Records shown: Begin

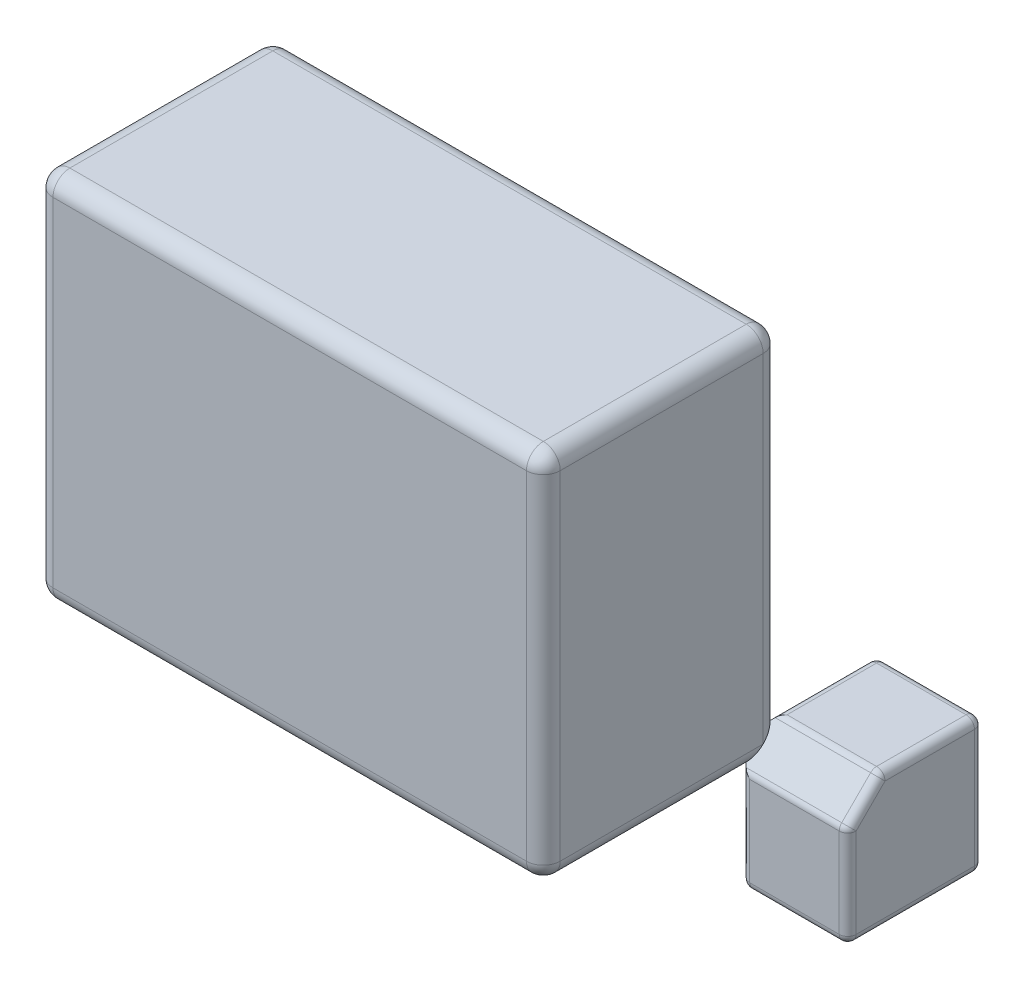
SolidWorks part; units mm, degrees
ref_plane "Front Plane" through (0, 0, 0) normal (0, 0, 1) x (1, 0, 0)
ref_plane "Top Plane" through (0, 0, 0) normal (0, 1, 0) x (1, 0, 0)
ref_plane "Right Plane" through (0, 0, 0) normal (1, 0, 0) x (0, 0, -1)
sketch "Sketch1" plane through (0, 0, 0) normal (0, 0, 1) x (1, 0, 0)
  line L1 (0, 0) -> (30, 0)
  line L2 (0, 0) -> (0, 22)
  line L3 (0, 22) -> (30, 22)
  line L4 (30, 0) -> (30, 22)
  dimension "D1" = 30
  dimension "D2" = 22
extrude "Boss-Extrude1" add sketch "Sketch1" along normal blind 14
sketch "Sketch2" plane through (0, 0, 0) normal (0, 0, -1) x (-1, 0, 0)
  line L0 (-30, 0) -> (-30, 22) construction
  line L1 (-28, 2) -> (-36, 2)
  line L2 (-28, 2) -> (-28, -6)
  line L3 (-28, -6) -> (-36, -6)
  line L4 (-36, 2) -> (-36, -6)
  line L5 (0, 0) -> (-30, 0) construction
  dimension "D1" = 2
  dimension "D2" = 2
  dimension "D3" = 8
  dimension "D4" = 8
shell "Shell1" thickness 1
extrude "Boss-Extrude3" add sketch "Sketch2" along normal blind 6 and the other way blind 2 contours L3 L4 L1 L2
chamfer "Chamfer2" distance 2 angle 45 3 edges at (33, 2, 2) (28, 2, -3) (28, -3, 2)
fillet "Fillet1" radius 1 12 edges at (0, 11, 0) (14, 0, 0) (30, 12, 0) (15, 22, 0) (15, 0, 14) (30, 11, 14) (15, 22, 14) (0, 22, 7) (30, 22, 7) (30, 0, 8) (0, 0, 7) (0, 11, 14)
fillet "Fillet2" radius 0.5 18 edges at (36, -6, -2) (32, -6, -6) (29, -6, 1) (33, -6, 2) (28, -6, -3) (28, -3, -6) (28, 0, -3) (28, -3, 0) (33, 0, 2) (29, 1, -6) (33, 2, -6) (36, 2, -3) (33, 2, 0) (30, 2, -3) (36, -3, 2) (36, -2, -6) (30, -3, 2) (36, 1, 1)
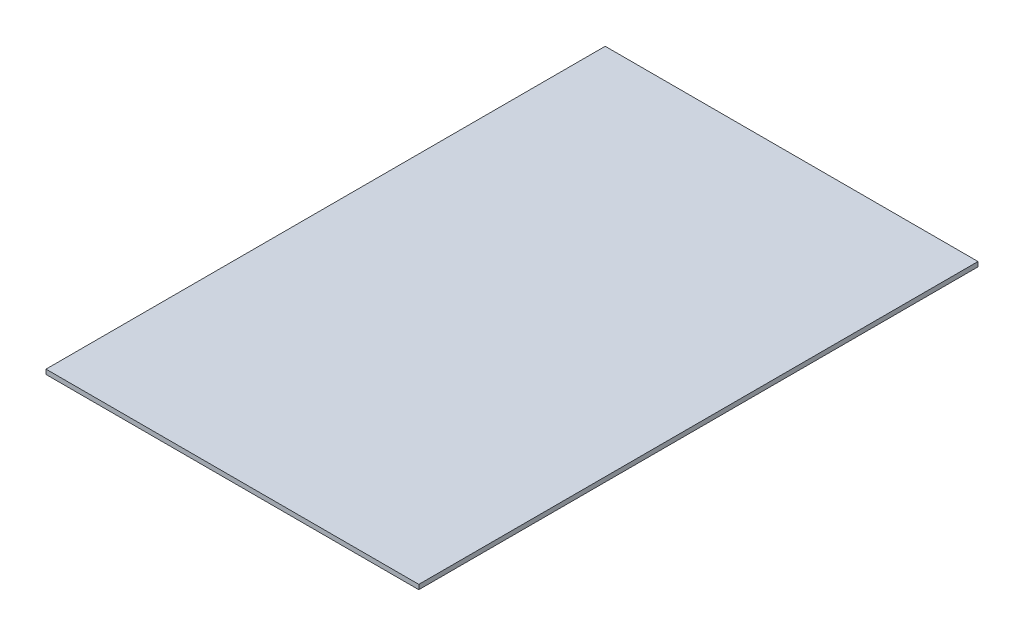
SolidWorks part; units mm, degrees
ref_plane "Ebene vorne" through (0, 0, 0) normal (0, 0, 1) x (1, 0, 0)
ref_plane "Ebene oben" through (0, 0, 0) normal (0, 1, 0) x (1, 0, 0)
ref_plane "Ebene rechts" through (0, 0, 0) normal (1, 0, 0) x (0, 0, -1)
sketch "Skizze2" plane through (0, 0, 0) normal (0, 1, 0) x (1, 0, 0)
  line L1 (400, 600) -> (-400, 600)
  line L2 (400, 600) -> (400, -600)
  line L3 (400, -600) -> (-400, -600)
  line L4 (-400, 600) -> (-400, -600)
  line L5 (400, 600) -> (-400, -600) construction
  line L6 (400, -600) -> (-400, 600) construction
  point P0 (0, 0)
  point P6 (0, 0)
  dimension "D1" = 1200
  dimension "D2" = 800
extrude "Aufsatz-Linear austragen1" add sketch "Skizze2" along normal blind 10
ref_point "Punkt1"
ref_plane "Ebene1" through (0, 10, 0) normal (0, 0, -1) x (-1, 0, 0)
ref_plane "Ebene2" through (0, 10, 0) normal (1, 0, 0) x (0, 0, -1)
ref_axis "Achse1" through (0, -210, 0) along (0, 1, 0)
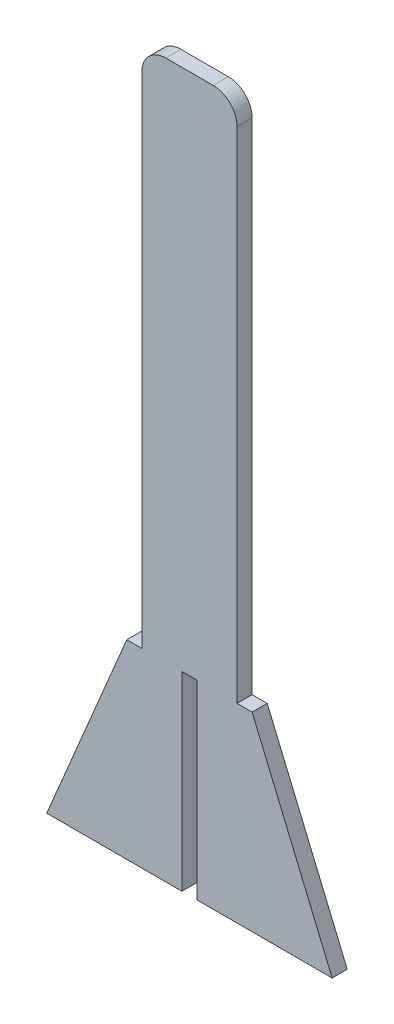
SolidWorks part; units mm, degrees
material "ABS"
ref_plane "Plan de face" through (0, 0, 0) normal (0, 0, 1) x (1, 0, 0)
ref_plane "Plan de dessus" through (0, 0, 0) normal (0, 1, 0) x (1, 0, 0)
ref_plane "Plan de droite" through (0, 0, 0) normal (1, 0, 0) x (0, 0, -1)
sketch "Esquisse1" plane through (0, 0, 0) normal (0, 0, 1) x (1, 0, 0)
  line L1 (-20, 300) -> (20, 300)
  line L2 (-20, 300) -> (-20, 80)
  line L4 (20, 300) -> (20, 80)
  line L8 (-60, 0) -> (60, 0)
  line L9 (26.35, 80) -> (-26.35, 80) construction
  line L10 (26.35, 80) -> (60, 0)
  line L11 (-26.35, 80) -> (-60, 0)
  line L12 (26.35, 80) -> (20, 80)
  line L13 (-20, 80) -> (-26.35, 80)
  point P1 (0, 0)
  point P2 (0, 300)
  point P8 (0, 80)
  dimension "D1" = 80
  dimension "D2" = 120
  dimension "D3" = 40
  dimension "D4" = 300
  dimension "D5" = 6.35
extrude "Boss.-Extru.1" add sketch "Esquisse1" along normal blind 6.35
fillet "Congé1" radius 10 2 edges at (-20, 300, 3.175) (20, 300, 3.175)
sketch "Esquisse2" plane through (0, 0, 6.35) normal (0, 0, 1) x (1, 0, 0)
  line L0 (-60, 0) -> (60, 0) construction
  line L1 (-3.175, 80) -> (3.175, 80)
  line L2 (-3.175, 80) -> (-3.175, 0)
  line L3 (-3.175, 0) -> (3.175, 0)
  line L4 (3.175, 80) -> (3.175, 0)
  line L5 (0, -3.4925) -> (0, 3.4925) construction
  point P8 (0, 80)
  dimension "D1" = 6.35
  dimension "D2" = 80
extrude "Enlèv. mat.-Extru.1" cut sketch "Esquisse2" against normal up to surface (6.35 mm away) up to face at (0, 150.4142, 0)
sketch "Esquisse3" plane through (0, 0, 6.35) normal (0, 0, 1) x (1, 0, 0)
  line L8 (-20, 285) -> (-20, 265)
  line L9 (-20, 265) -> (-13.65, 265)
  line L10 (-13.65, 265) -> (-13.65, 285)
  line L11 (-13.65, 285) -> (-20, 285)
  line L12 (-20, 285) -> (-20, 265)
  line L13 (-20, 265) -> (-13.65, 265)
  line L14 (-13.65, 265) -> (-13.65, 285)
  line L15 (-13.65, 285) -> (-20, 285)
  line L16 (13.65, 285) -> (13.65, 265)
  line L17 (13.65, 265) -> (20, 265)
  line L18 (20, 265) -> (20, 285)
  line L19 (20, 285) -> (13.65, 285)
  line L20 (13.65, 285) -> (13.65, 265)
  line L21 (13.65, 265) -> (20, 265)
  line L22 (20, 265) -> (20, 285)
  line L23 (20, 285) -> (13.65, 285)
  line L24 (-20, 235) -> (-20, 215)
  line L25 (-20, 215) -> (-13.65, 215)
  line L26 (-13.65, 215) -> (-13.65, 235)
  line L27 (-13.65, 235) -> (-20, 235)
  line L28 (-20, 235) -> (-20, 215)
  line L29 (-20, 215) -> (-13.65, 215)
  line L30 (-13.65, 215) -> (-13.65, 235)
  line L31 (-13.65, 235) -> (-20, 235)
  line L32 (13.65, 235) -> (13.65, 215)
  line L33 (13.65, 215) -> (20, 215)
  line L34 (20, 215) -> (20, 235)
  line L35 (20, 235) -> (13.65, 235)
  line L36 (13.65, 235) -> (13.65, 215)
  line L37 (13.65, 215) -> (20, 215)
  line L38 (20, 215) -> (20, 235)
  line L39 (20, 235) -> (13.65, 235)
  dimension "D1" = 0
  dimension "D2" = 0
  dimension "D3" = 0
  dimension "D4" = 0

Records shown: End

» Instructions to follow:
Among the entries above, identify all lines with "sketch" and copy them.

» Exercise response:
sketch "Sketch1" plane through (0, 0, 0) normal (0, 0, 1) x (1, 0, 0)
extrude "Boss-Extrude1" add sketch "Sketch1" along normal blind 14
sketch "Sketch2" plane through (0, 0, 0) normal (0, 0, -1) x (-1, 0, 0)
extrude "Boss-Extrude3" add sketch "Sketch2" along normal blind 6 and the other way blind 2 contours L3 L4 L1 L2
sketch "Skizze2" plane through (0, 0, 0) normal (0, 1, 0) x (1, 0, 0)
extrude "Aufsatz-Linear austragen1" add sketch "Skizze2" along normal blind 10
sketch "Esquisse1" plane through (0, 0, 0) normal (0, 0, 1) x (1, 0, 0)
extrude "Boss.-Extru.1" add sketch "Esquisse1" along normal blind 6.35
sketch "Esquisse2" plane through (0, 0, 6.35) normal (0, 0, 1) x (1, 0, 0)
extrude "Enlèv. mat.-Extru.1" cut sketch "Esquisse2" against normal up to surface (6.35 mm away) up to face at (0, 150.4142, 0)
sketch "Esquisse3" plane through (0, 0, 6.35) normal (0, 0, 1) x (1, 0, 0)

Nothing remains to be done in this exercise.